The Beginnings of Child Guidance Work 

The Notre Dame Child Guidance Clinic was founded in Glasgow in 1931. The question of opening a child guidance clinic in connection with Notre Dame Training College, Glasgow was first raised in the summer of 1930. Dr Rush, lecturer in education at Jordonhill Training College for Teachers went to see Sister Marie Hilda (Hilda Gertrude Marley) and Sister Aimée, the principal of Notre Dame Training College, to discuss the possibility of founding a child guidance clinic. Sr Marie Hilda made preliminary visits to the Islington Clinic, London where she investigated the methods, techniques and essential requirements and to the recently established London Child Guidance Clinic at Canonbury Place. There, Dr William Moodie and Dr Lucy Fildes gave her the facilities to observe and fully investigate the clinical procedure. 

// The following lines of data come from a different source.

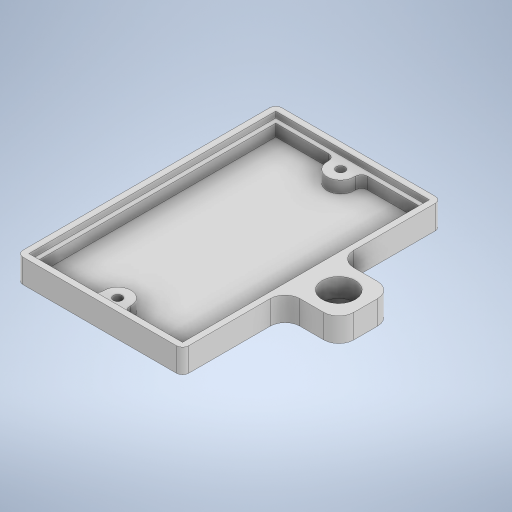
# Autodesk Inventor part: PermaProtoBase_HalfSizeScrewMount
Saved by Autodesk Inventor 2023 (Build 270158000, 158)
## iProperties
Created: 2023-02-17
Part Number: PermaProtoBase_HalfSizeScrewMount
Material: Generic
Document SubType Name: Modeling
Designer: User
Density: 1 g/cm^3
Appearance: Default
Author: User
Autodesk Inventor part; units mm, degrees
ref_plane "YZ Plane" through (0, 0, 0) normal (1, 0, 0) x (0, 1, 0)
ref_plane "XZ Plane" through (0, 0, 0) normal (0, 1, 0) x (-1, 0, 0)
ref_plane "XY Plane" through (0, 0, 0) normal (0, 0, 1) x (1, 0, 0)
sketch "Sketch1" plane through (0, 0, 0) normal (0, 1, 0) x (-1, 0, 0)
  line L0 (-27.75, 43.375) -> (27.75, 43.375)
  line L1 (27.75, 43.375) -> (27.75, -43.375)
  line L2 (27.75, -43.375) -> (-27.75, -43.375)
  line L3 (-27.75, -43.375) -> (-27.75, 43.375)
  line L4 (-27.75, 43.375) -> (27.75, -43.375) construction
  line L5 (27.75, 43.375) -> (-27.75, -43.375) construction
  point P0 (0, 0)
  dimension "d0" = 86.75
  dimension "d1" = 55.5
  constraints: 12 end point, 2 midpoint, 2 parallel, 1 horizontal, 1 perpendicular
  measures "d0" distance of L0.end L1.end
  measures "d1" distance of L1.end L2.end
extrude "Extrusion1" add sketch "Sketch1" along normal blind 8
sketch "Sketch2" plane through (0, 8, 0) normal (0, 1, 0) x (1, 0, 0)
  line L0 (25.75, -41.375) -> (-25.75, -41.375)
  line L1 (-25.75, -41.375) -> (-25.75, 41.375)
  line L2 (-25.75, 41.375) -> (25.75, 41.375)
  line L3 (25.75, 41.375) -> (25.75, -41.375)
  line L4 (25.75, -41.375) -> (-25.75, 41.375) construction
  line L5 (-25.75, -41.375) -> (25.75, 41.375) construction
  point P0 (0, 0)
  dimension "d4" = 51.5
  dimension "d5" = 82.75
  constraints: 12 end point, 2 midpoint, 2 parallel, 1 horizontal, 1 perpendicular
  measures "d4" distance of L1.end L2.end
  measures "d5" distance of L0.end L1.end
extrude "Extrusion2" cut sketch "Sketch2" against normal blind 2
sketch "Sketch3" plane through (0, 6, 0) normal (0, 1, 0) x (1, 0, 0)
  line L0 (24.25, 39.875) -> (-24.25, 39.875)
  line L1 (-24.25, 39.875) -> (-24.25, -39.875)
  line L2 (-24.25, -39.875) -> (24.25, -39.875)
  line L3 (24.25, -39.875) -> (24.25, 39.875)
  line L4 (24.25, 39.875) -> (-24.25, -39.875) construction
  line L5 (-24.25, 39.875) -> (24.25, -39.875) construction
  point P0 (0, 0)
  dimension "d8" = 79.75
  dimension "d9" = 48.5
  constraints: 12 end point, 2 midpoint, 2 parallel, 1 horizontal, 1 perpendicular
  measures "d8" distance of L0.end L1.end
  measures "d9" distance of L0.start L0.end
extrude "Extrusion3" cut sketch "Sketch3" against normal blind 4
sketch "Sketch4" plane through (0, 2, 0) normal (0, 1, 0) x (1, 0, 0)
  circle A0 centre (0, -37.375) radius 4.5
  circle A1 centre (0, 37.375) radius 4.5
  line L0 (24.25, -39.875) -> (-24.25, -39.875) projected
  line L1 (25.75, -41.375) -> (-25.75, -41.375) projected
  circle A2 centre (0, -37.375) radius 1.5
  circle A3 centre (0, 37.375) radius 1.5
  point P0 (0, 0)
  point P1 (-3.7417, -39.875)
  point P2 (3.7417, -39.875)
  dimension "d12" = 9
  dimension "d13" = 9
  dimension "d14" = 74.75
  dimension "d16" = 4
  dimension "d17" = 3
  dimension "d18" = 3
  constraints: 4 centre point, 2 coincident
  measures "d12" diameter of A0
  measures "d13" diameter of A1
  measures "d14" distance of A1.centre A0.centre
  measures "d16" distance from line of L1 A0.centre
  measures "d17" diameter of A2
  measures "d18" diameter of A3
extrude "Extrusion4" add sketch "Sketch4" along normal blind 4 contours A0 L0 | A1
sketch "Sketch5" plane through (27.75, 0, 43.375) normal (1, 0, 0) x (0, 0, -1)
  line L0 (84.75, 8) -> (2, 8) projected
  line L1 (0, 0) -> (86.75, 0) projected
  line L2 (34.375, 8) -> (52.375, 8)
  line L3 (52.375, 8) -> (52.375, 0)
  line L4 (52.375, 0) -> (34.375, 0)
  line L5 (34.375, 0) -> (34.375, 8)
  point P0 (43.375, 0)
  point P1 (34.375, 4)
  point P2 (43.375, 0)
  point P3 (34.375, 0)
  point P4 (52.375, 8)
  dimension "d21" = 18
  dimension "d22" = 9
  constraints: 8 end point, 2 midpoint, 2 parallel, 2 point on line, 1 horizontal, 1 perpendicular
  measures "d21" distance from line of point (34.375, 4) L3
  measures "d22" distance from line of point (43.375, 0) L3
extrude "Extrusion5" add sketch "Sketch5" along normal blind 18
sketch "Sketch6" plane through (0, 8, 0) normal (0, 1, 0) x (1, 0, 0)
  line L0 (27.75, -43.375) -> (27.75, -9) projected
  line L1 (27.75, -9) -> (45.75, -9) projected
  point P0 (0, 0)
  point P1 (36.75, 0)
  dimension "d32" = 9
  dimension "d33" = 9
  measures "d32" distance from line of L0 point (36.75, 0)
  measures "d33" distance from line of L1 point (36.75, 0)
hole "Hole1" at (36.75, 8, 0) direction (0, -1, 0) diameter 7.1437 end through all counterbore diameter 11.1125 counterbore depth 6.35
fillet "Fillet1" radius 2 8 edges at (3.7417, 4, -39.875) (-3.7417, 4, -39.875) (3.7417, 4, 39.875) (-3.7417, 4, 39.875) (27.75, 4, 43.375) (-27.75, 4, 43.375) (-27.75, 4, -43.375) (27.75, 4, -43.375)
fillet "Fillet2" radius 5 4 edges at (27.75, 4, 9) (45.75, 4, 9) (45.75, 4, -9) (27.75, 4, -9)
equation "\"d22\" = 0.5 * d21"
body "Solid1"
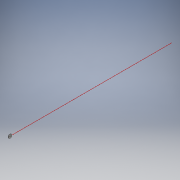
# Autodesk Inventor part: Hook Whip
Saved by Autodesk Inventor 2016 (Build 200138000, 138)
## iProperties
Created: 2016-01-19
Part Number: Hook Whip
Material: Generic
Document SubType Name: Modeling
Designer: TimB
Density: 1 g/cm^3
Appearance: Default
Author: TimB
Autodesk Inventor part; units mm, degrees
ref_plane "YZ Plane" through (0, 0, 0) normal (1, 0, 0) x (0, 1, 0)
ref_plane "XZ Plane" through (0, 0, 0) normal (0, 1, 0) x (-1, 0, 0)
ref_plane "XY Plane" through (0, 0, 0) normal (0, 0, 1) x (1, 0, 0)
sketch "Sketch1" plane through (0, 0, 0) normal (0, 1, 0) x (-1, 0, 0)
  circle A0 centre (0, 0) radius 1
  dimension "d0" = 2
  constraints: 1 centre point, 1 coincident
  measures "d0" diameter of A0
extrude "Extrusion1" add sketch "Sketch1" along normal blind 1200
sketch "Sketch2" plane through (0, 0, 0) normal (0, -1, 0) x (1, 0, 0)
  line L0 (-1, -12.5) -> (1, -12.5)
  line L1 (1, -12.5) -> (1, 12.5)
  line L2 (1, 12.5) -> (-1, 12.5)
  line L3 (-1, 12.5) -> (-1, -12.5)
  line L4 (-1, -12.5) -> (1, 12.5) construction
  line L5 (1, -12.5) -> (-1, 12.5) construction
  point P0 (0, 0)
  dimension "d3" = 2
  dimension "d4" = 25
  constraints: 12 end point, 2 midpoint, 2 parallel, 1 horizontal, 1 perpendicular
  measures "d3" distance of L2.end L1.end
  measures "d4" distance of L1.end L0.end
extrude "Extrusion2" add sketch "Sketch2" against normal blind 25
fillet "Fillet1" radius 10 4 edges at (0, 25, 12.5) (0, 25, -12.5) (0, 0, 12.5) (0, 0, -12.5)
sketch "Sketch3" plane through (-1, 0, -2.5) normal (-1, 0, 0) x (0, 0, 1)
  circle A0 centre (2.5, 12.5) radius 3
  point P0 (2.5, 0)
  dimension "d8" = 6
  constraints: 1 centre point
  measures "d8" diameter of A0
hole "Hole1" at (-1, 12.5, 0) direction (1, 0, 0) diameter 6 end through all
body "Solid1"
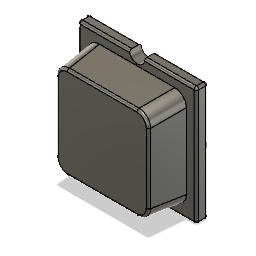
senseCam_Adapter_rev2_enclosure_V2 (Autodesk Fusion 360 archive; units mm, degrees)
design "CA16372_HB-SQ-WWW_Single_Lens"
Autodesk Fusion 360 part; units mm, degrees
sketch "Base 1" plane through (0, 0, 0) normal (0, 0, 1) x (1, 0, 0)
  line L0 (12.5, 12.5) -> (-12.5, 12.5)
  line L1 (-12.5, 12.5) -> (-12.5, -12.5)
  line L2 (-12.5, -12.5) -> (12.5, -12.5)
  line L3 (12.5, -12.5) -> (12.5, 12.5)
  line L4 (12.5, 12.5) -> (-12.5, -12.5) construction
  line L5 (-12.5, 12.5) -> (12.5, -12.5) construction
  line L6 (12.7, 12.7) -> (-12.7, 12.7)
  line L7 (-12.7, 12.7) -> (-12.7, -12.7)
  line L8 (-12.7, -12.7) -> (12.7, -12.7)
  line L9 (12.7, -12.7) -> (12.7, 12.7)
  line L10 (12.7, 12.7) -> (-12.7, -12.7) construction
  line L11 (-12.7, 12.7) -> (12.7, -12.7) construction
  circle A0 centre (0, 12.5) radius 1.6
  circle A1 centre (0, -12.5) radius 1.6
  dimension "d1" = 25
  dimension "d2" = 25
  dimension "d3" = 25.4
  dimension "d4" = 25.4
  dimension "d5" = 3.2
  dimension "d6" = 3.2
  constraint perpendicular L0 L1
  constraint parallel L0 L2
  constraint parallel L1 L3
  constraint horizontal L0
  constraint coincident L4 origin
  constraint coincident L5 origin
  constraint perpendicular L6 L7
  constraint parallel L6 L8
  constraint parallel L7 L9
  constraint horizontal L6
  constraint coincident L10 origin
  constraint coincident L11 origin
  constraint midpoint L0 A0.centre
  constraint midpoint L2 A1.centre
  measures "d1" distance of L0.end L1.end
  measures "d2" distance of L1.end L2.end
  measures "d3" distance of L7.end L8.end
  measures "d4" distance of L6.end L7.end
  measures "d5" diameter of A0
  measures "d6" diameter of A1
extrude "Extrude1" add sketch "Base 1" along normal blind 2.49 contours L0 L1 L2 L3 A0 A1 | L0 L2 L3 L6 L8 L9 A0 A1 | L0 L1 L2 L6 L7 L8 A0 A1
sketch "Lens 1" plane through (0, 0, 2.49) normal (0, 0, 1) x (1, 0, 0)
  line L0 (12.7, -12.7) -> (12.7, 12.7)
  line L1 (12.7, 12.7) -> (1.5875, 12.7)
  arc A0 (-1.5875, 12.7) -> (1.5875, 12.7) centre (0, 12.5) ccw
  line L2 (-1.5875, 12.7) -> (-12.7, 12.7)
  line L3 (-12.7, 12.7) -> (-12.7, -12.7)
  line L4 (-12.7, -12.7) -> (-1.5875, -12.7)
  arc A1 (1.5875, -12.7) -> (-1.5875, -12.7) centre (0, -12.5) ccw
  line L5 (1.5875, -12.7) -> (12.7, -12.7)
  line L6 (10.76, 10.76) -> (-10.76, 10.76)
  line L7 (-10.76, 10.76) -> (-10.76, -10.76)
  line L8 (-10.76, -10.76) -> (10.76, -10.76)
  line L9 (10.76, -10.76) -> (10.76, 10.76)
  line L10 (10.76, 10.76) -> (-10.76, -10.76) construction
  line L11 (-10.76, 10.76) -> (10.76, -10.76) construction
  dimension "d9" = 21.52
  dimension "d10" = 21.52
  constraint perpendicular L6 L7
  constraint parallel L6 L8
  constraint parallel L7 L9
  constraint horizontal L6
  constraint coincident L10 origin
  constraint coincident L11 origin
  measures "d9" distance of L7.end L8.end
  measures "d10" distance of L6.end L7.end
extrude "Extrude2" add sketch "Lens 1" along normal blind 7.47 contours L6 L7 L8 L9
draft "Draft1" angle 5 neutral plane through (0, 0, 0) pull (0, 0, 1) 4 faces at (10.76, -3.5867, 4.98) (-3.5867, -10.76, 4.98) (3.5867, 10.76, 4.98) (-10.76, 3.5867, 4.98)
sketch "Pegs 1" plane through (0, 0, 0) normal (0, 0, -1) x (-1, 0, 0)
  line L0 (-12.7, 12.7) -> (-12.7, -12.7)
  line L1 (-12.7, -12.7) -> (-1.5875, -12.7)
  arc A0 (1.5875, -12.7) -> (-1.5875, -12.7) centre (0, -12.5) ccw
  line L2 (1.5875, -12.7) -> (12.7, -12.7)
  line L3 (12.7, -12.7) -> (12.7, 12.7)
  line L4 (12.7, 12.7) -> (1.5875, 12.7)
  arc A1 (-1.5875, 12.7) -> (1.5875, 12.7) centre (0, 12.5) ccw
  line L5 (-1.5875, 12.7) -> (-12.7, 12.7)
  line L6 (10.77, 10.77) -> (-10.77, 10.77)
  line L7 (-10.77, 10.77) -> (-10.77, -10.77)
  line L8 (-10.77, -10.77) -> (10.77, -10.77)
  line L9 (10.77, -10.77) -> (10.77, 10.77)
  line L10 (10.77, 10.77) -> (-10.77, -10.77) construction
  line L11 (-10.77, 10.77) -> (10.77, -10.77) construction
  circle A2 centre (-10.77, 0) radius 1
  circle A3 centre (10.77, 0) radius 1
  line L12 (10.52, -10.52) -> (10.52, 10.52)
  line L13 (10.52, 10.52) -> (-10.52, 10.52)
  line L14 (-10.52, 10.52) -> (-10.52, -10.52)
  line L15 (-10.52, -10.52) -> (10.52, -10.52)
  dimension "d15" = 21.54
  dimension "d16" = 21.54
  dimension "d17" = 2
  dimension "d18" = 2
  dimension "d19" = -0.25
  constraint perpendicular L6 L7
  constraint parallel L6 L8
  constraint parallel L7 L9
  constraint horizontal L6
  constraint coincident L10 origin
  constraint coincident L11 origin
  constraint midpoint L7 A2.centre
  constraint midpoint L9 A3.centre
  measures "d15" distance of L7.end L8.end
  measures "d16" distance of L6.end L7.end
  measures "d17" diameter of A2
  measures "d18" diameter of A3
extrude "Extrude3" add sketch "Pegs 1" along normal blind 1.1 contours L9 A3 | L9 A3 L12 | L7 A2 L14 | L7 A2
fillet "Fillet1" radius 0.5 18 edges at (11.77, 0, -1.1) (-11.77, 0, -1.1) (-12.7, -12.7, 1.245) (12.7, -12.7, 1.245) (12.7, 12.7, 1.245) (-12.7, 12.7, 1.245) (-7.1437, -12.7, 2.49) (7.1437, -12.7, 2.49) (7.1437, -12.7, 0) (-7.1437, -12.7, 0) (-12.7, 0, 0) (-12.7, 0, 2.49) (7.1437, 12.7, 2.49) (12.7, 0, 2.49) (12.7, 0, 0) (-7.1437, 12.7, 2.49) (-7.1437, 12.7, 0) (7.1437, 12.7, 0)
fillet "Fillet2" radius 2.5 4 edges at (10.2154, 10.2154, 6.225) (-10.2154, 10.2154, 6.225) (-10.2154, -10.2154, 6.225) (10.2154, -10.2154, 6.225)
fillet "Fillet3" radius 0.5 8 edges at (-9.1603, 9.1603, 9.96) (-9.8886, 0, 9.96) (-9.1603, -9.1603, 9.96) (0, -9.8886, 9.96) (9.1603, -9.1603, 9.96) (9.8886, 0, 9.96) (9.1603, 9.1603, 9.96) (0, 9.8886, 9.96)
equation "d7 = ( 9.96 / 4 ) * 1 mm"
equation "d11 = ( ( 9.96 / 4 ) * 3 ) * 1 mm"
named bodies: "90deg Single Lens"

Sr Marie Hilda had a very great natural psychological insight and having been given the impetus by Dr Rusk set about making herself an expert. Since the late 1920s she had been seeing and testing children and advising their parents as part of her psychology work in college. In subsequent years she did summer courses and laboratory work at London University as well as following courses as Louvain and she was in touch with everyone in the child guidance field. 
 
In April 1931 Sr Marie Hilda helped Lady Margaret Kerr establish a Catholic child guidance clinic at Edinburgh, not only by giving advice but also by giving her own services as psychologist on Saturday mornings. She then applied to the trustees of the Commonwealth Fund for assistance with her own project. Her application was favourably received. It was also necessary to secure permission from lay and ecclesiastical authorities. The Archbishop of Glasgow gave his sanction and the director of education circulated pamphlets explaining the child guidance movement and arranged to notify head teachers of the weekly clinic attendances of children from their schools. The National Committee for the Training of Teachers recognised the work as a practical application of the psychology course followed by the students and, at a later date, voted a grant of 100 guineas towards clinic expenses. 
 
The opening of the clinic in September 1931 was made possible by the generosity of the London Child Guidance Council and the superior of the Dowanhill community. The London Child Guidance Council loaned a fully-trained psychiatric social worker, Cecily Hay-Shaw and the Dowanhill community provided the premises for the clinic and was responsible for all the equipment and its maintenance. 
 
In 1941, ten years after the clinic opened Sr Marie Hilda retired from the college staff where she had continued to lecture every morning before working in the clinic each afternoon. She was then able to devote her time to the clinic. Her clinic work was supplemented by a lecture-programme through which she sought others to follow her lead. Lecture tours took her to Scotland, England, Ireland, Germany, France, Holland and Belgium. 
 
In 1942 she received notice of her election as Fellow of the British Psychological Society. In 1943 she became vice-president of the Guild of Catholic Social Workers in Scotland. In 1944 she was voted vice-president of the Scottish branch of the British Psychological Society. In 1947 she was presented with the Cross 
Pro Ecclesia et Pontifice by the Archbishop of Glasgow. 
 
In 1945 the clinic moved to larger premises at Athole Gardens. 
Sister Mary Hilda 
welcoming a boy to the Clinic 
Psychiatrists, psychologists, social workers and play therapists in the 1940s 
Thanks to these beginnings the Notre Dame Centre, Glasgow has been open for over 80 years working with children, young people and families. www.notredamecentre.org.uk 
 
The above information was extracted from “Freedom to Grow – Sister Marie Hilda’s Vision of Child Guidance” by Sr Jude McAleer SND, Glasgow 1981 
 
In 1942 Sr Marie Hilda helped to found a second Notre Dame Child Guidance Clinic in Liverpool which opened in 1943. This clinic became part of the Archdiocese of Liverpool’s Liverpool Catholic Children’s Society in the early 1960s and closed in 1976. 
 
The Sisters were asked to open a child guidance clinic in the Westminster Archdiocese. The Notre Dame Child Guidance Clinic opened in Ladbroke Grove in 1966. it eventually closed in 1988.